Homer JHomer J Posts: 932
edited January 2010 in The bottom bracket
Well I've done my back in :cry: (lower back when using shovel) and i'm wondering which one of these are the best to see. Anyone had any good or bad experiences.

Thanks
Homer J

Posts

  • Chiro will rape your wallet. Don't bother. Never had a good experience from them and I've been to a few.
    There is never redemption, any fool can regret yesterday...

    Be Pure! Be Vigilant! Behave!
  • ceecee Posts: 4,553
    Hey Homer...

    I have struggled with my back for a few years now....

    First thing I tried was a chiro....it definitely helped in the very short term, but as drew says, relies heavily on repeat appointments to have a consistently good back.

    Next I tried Osteo....they are different from chiro mostly because of the spelling....they say that it is less severe than chiro, but my experience was that they used very similar techniques..again relied on repeat appointments.

    Next I went to the doctor who referred me to a physio and gave me co-codamol (100 x 30/500) and diazepam (or valium if you prefer..but 2mg tablets..)

    The pills helped.....but I couldn't do anything else while taking them (couldn't concentrate enough to even read, or watch tv...)

    Physio...mostly worked on core stability and for me this has has the most long lasting benefits, however it has still not cured my back pain...

    Next step is to go back to the doctor and make lots of noise about getting some kind of scan to find out what is really going on.
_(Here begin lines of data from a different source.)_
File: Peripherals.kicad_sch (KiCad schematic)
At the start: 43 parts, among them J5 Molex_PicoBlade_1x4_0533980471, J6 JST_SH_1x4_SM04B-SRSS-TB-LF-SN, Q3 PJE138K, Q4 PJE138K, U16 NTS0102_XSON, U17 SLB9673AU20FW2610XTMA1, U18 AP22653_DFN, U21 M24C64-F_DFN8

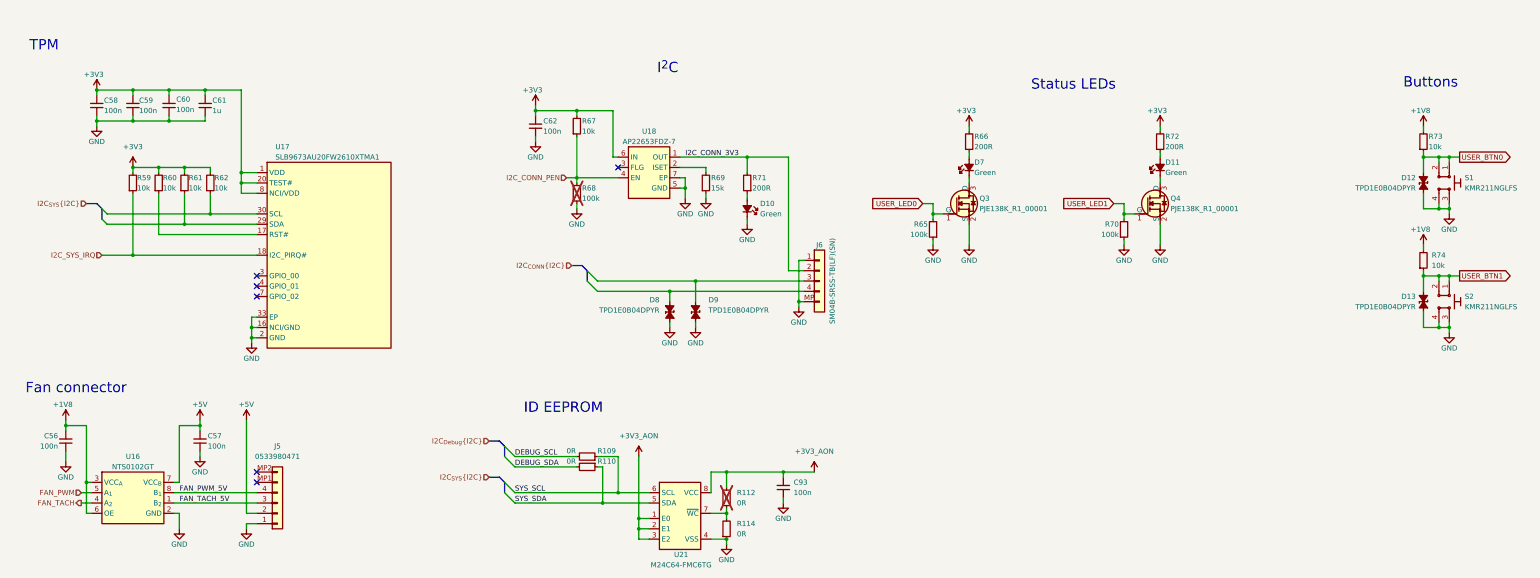
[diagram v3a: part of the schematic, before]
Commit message: [#81970] Route present on root GPIO pins on CSI and Peripherals sheets
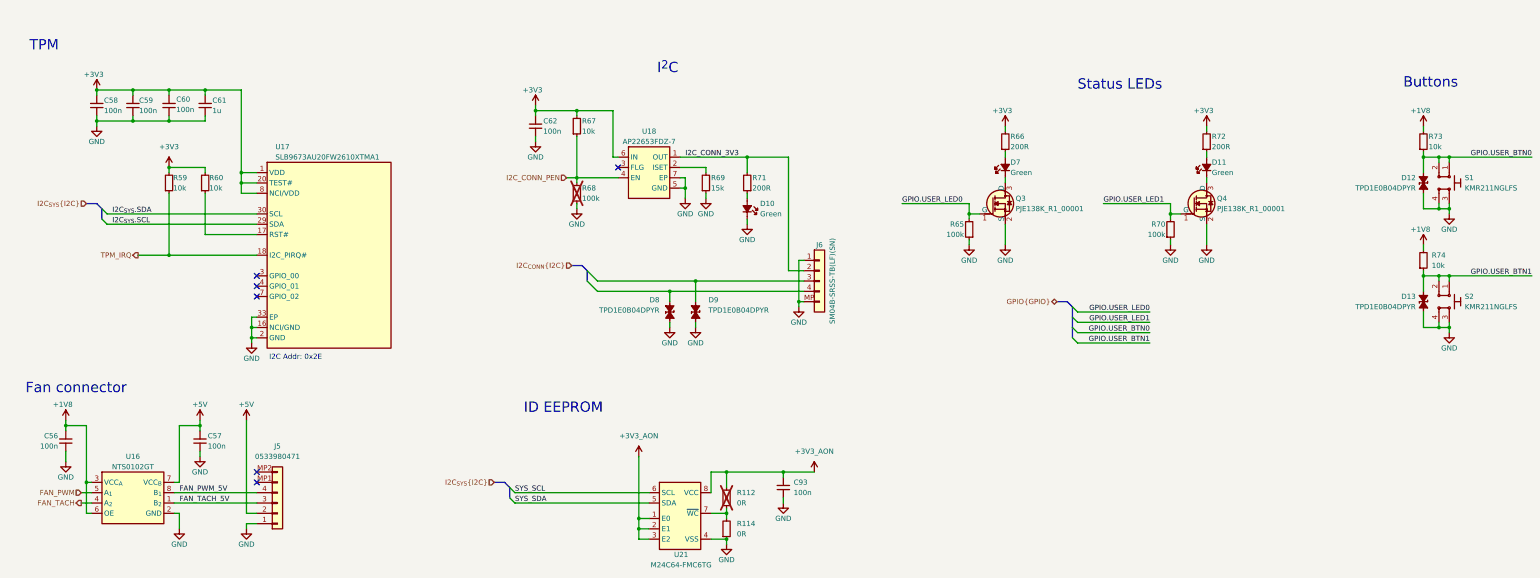
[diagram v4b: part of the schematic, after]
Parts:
- removed R109, R110: R_0R_0402, antmicro-footprints:R_0402_1005Metric, symbol antmicroResistors0402:R_0R_0402
- removed R61, R62: R_10k_0402, antmicro-footprints:R_0402_1005Metric, symbol antmicroResistors0402:R_10k_0402
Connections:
- net I2C_{SYS}.SCL: now reaches U17.29 (SDA)
- net I2C_{SYS}.SDA: now reaches U17.30 (SCL)
- net I2C_SYS_IRQ renamed TPM_IRQ
- net USER_BTN0 renamed GPIO.USER_BTN0
- net USER_BTN1 renamed GPIO.USER_BTN1
- net USER_LED0 renamed GPIO.USER_LED0
- net USER_LED1 renamed GPIO.USER_LED1
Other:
- note added: "I2C Addr: 0x2E"
- moved on the sheet: D11, D7, Q3, Q4, R59, R60, R65, R66, R70, R72

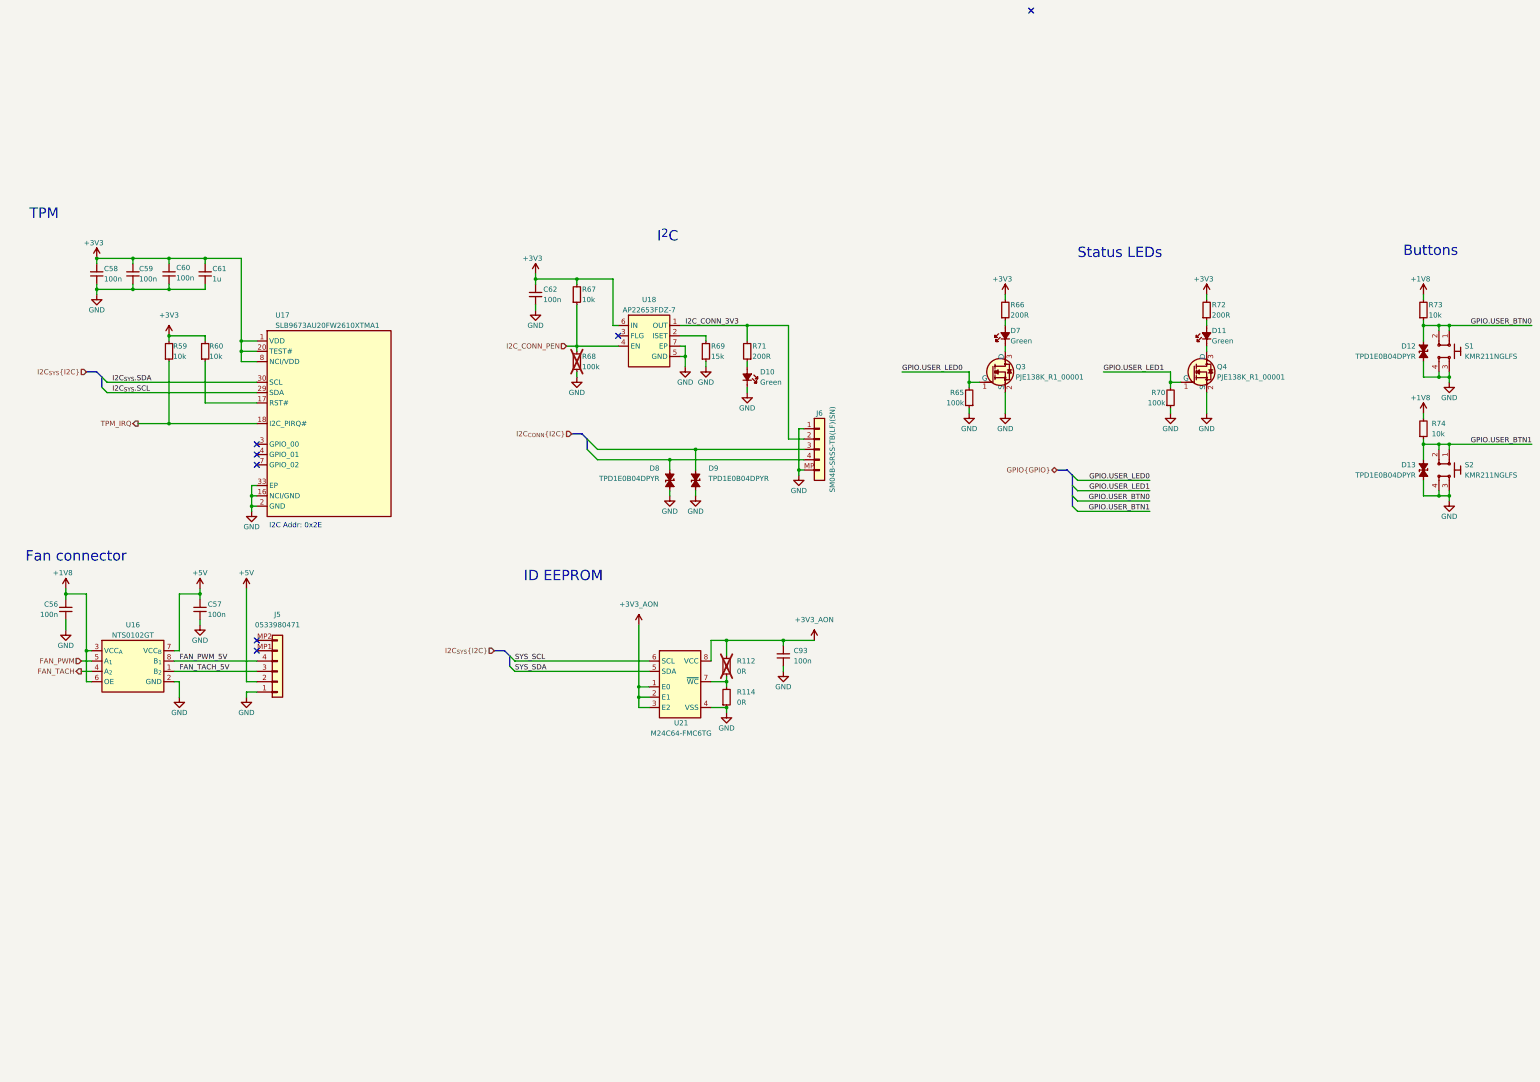
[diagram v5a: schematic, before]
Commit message: [#82057] Reorganise FMC+ pins so that they obey standard
[#82057] Add passives to expansion connector

[#82055] Clean up
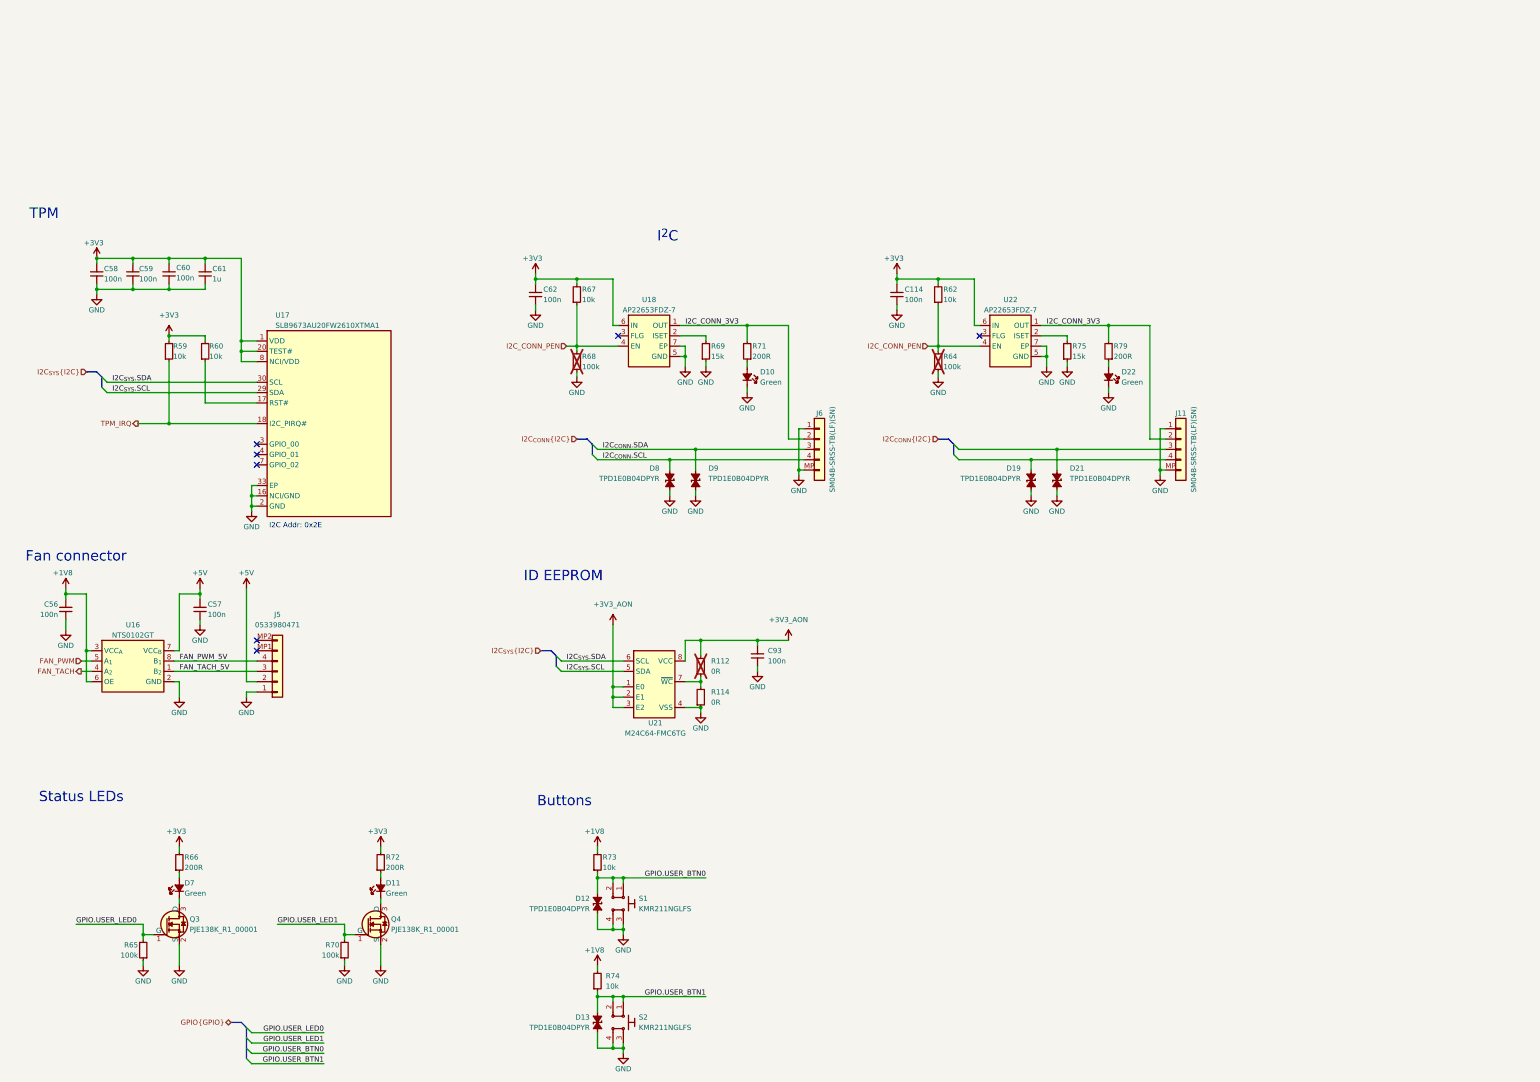
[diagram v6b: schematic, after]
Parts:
- added C114: C_100n_0402, antmicro-footprints:C_0402_1005Metric, symbol antmicroCapacitors0402:C_100n_0402
- added D19, D21: TPD1E0B04_XDFN-2, antmicro-footprints:XDFN-2_1x0.60mm, symbol antmicroTVSDiodes:TPD1E0B04_XDFN-2
- added D22: LED_G_0603_LTST-C190GKT, antmicro-footprints:LED_0603_1608Metric_G, symbol antmicroLEDIndicationDiscrete:LED_G_0603_LTST-C190GKT
- added J11: JST_SH_1x4_SM04B-SRSS-TB-LF-SN, antmicro-footprints:Conn_JST_SH_1x4_SM04B-SRSS-TB-LF-SN, symbol antmicroWire2BoardConnectors:JST_SH_1x4_SM04B-SRSS-TB-LF-SN
- added R62: R_10k_0402, antmicro-footprints:R_0402_1005Metric, symbol antmicroResistors0402:R_10k_0402
- added R64: R_100k_0402, antmicro-footprints:R_0402_1005Metric, symbol antmicroResistors0402:R_100k_0402
- added R75: R_15k_0402, antmicro-footprints:R_0402_1005Metric, symbol antmicroResistors0402:R_15k_0402
- added R79: R_200R_0402, antmicro-footprints:R_0402_1005Metric, symbol antmicroResistors0402:R_200R_0402
- added U22: AP22653_DFN, antmicro-footprints:DFN-6-1EP_2x2mm_P0.65mm_EP1x1.6mm, symbol antmicroPMICPowerDistributionSwitchesLoadDrivers:AP22653_DFN
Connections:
- net SYS_SCL is gone; now on net I2C_{SYS}.SDA: U21.6 (SCL)
- net SYS_SDA is gone; now on net I2C_{SYS}.SCL: U21.5 (SDA)
- net +3V3: now also C114.1, R62.2, U22.6 (IN)
- net GND: now also C114.2, D19.1 (C), D21.1 (C), D22.1 (C), J11.1, J11.MP, R64.1, R75.1, U22.5 (GND), U22.7 (EP)
- net I2C_CONN_3V3: now also J11.2, R79.2, U22.1 (OUT)
- net I2C_CONN_PEN: now also R62.1, R64.2, U22.4 (EN)
- net I2C_{CONN}.SCL: now reaches D8.2 (A), J6.4
- net I2C_{CONN}.SDA: now reaches D9.2 (A), J6.3
- new net: R75.2, U22.2 (ISET)
- new net: D21.2 (A), J11.3
- new net: D19.2 (A), J11.4
- new net: D22.2 (A), R79.1
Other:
- moved on the sheet: C93, D11, D12, D13, D7, Q3, Q4, R112, R114, R65, R66, R70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

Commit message: [#82757] Rename project to jetson-agx-thor-baseboard
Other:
- title: Jetson Orin AGX Baseboard -> Jetson AGX Thor Baseboard
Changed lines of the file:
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@@
 	(paper "A3")
 	(title_block
-		(title "Jetson Orin AGX Baseboard")
+		(title "Jetson AGX Thor Baseboard")
 		(date "2025-08-11")
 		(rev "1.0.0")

    So..Hopefully yours is more topical than mine (i.e. just a minor injury caused by your spadework) and easily curable. I hope this has been helpful.

    Good luck!

    cee
    Whenever I see an adult on a bicycle, I believe in the future of the human race.

    H.G. Wells.
  • Hi, I am a physio and my advice would be to go by reputation. Osteopaths are great for joint related problems, physios when there are more soft tissue components involved, muscle or nerve. I will not comment on chiropractors but google simon singh and chiropractor.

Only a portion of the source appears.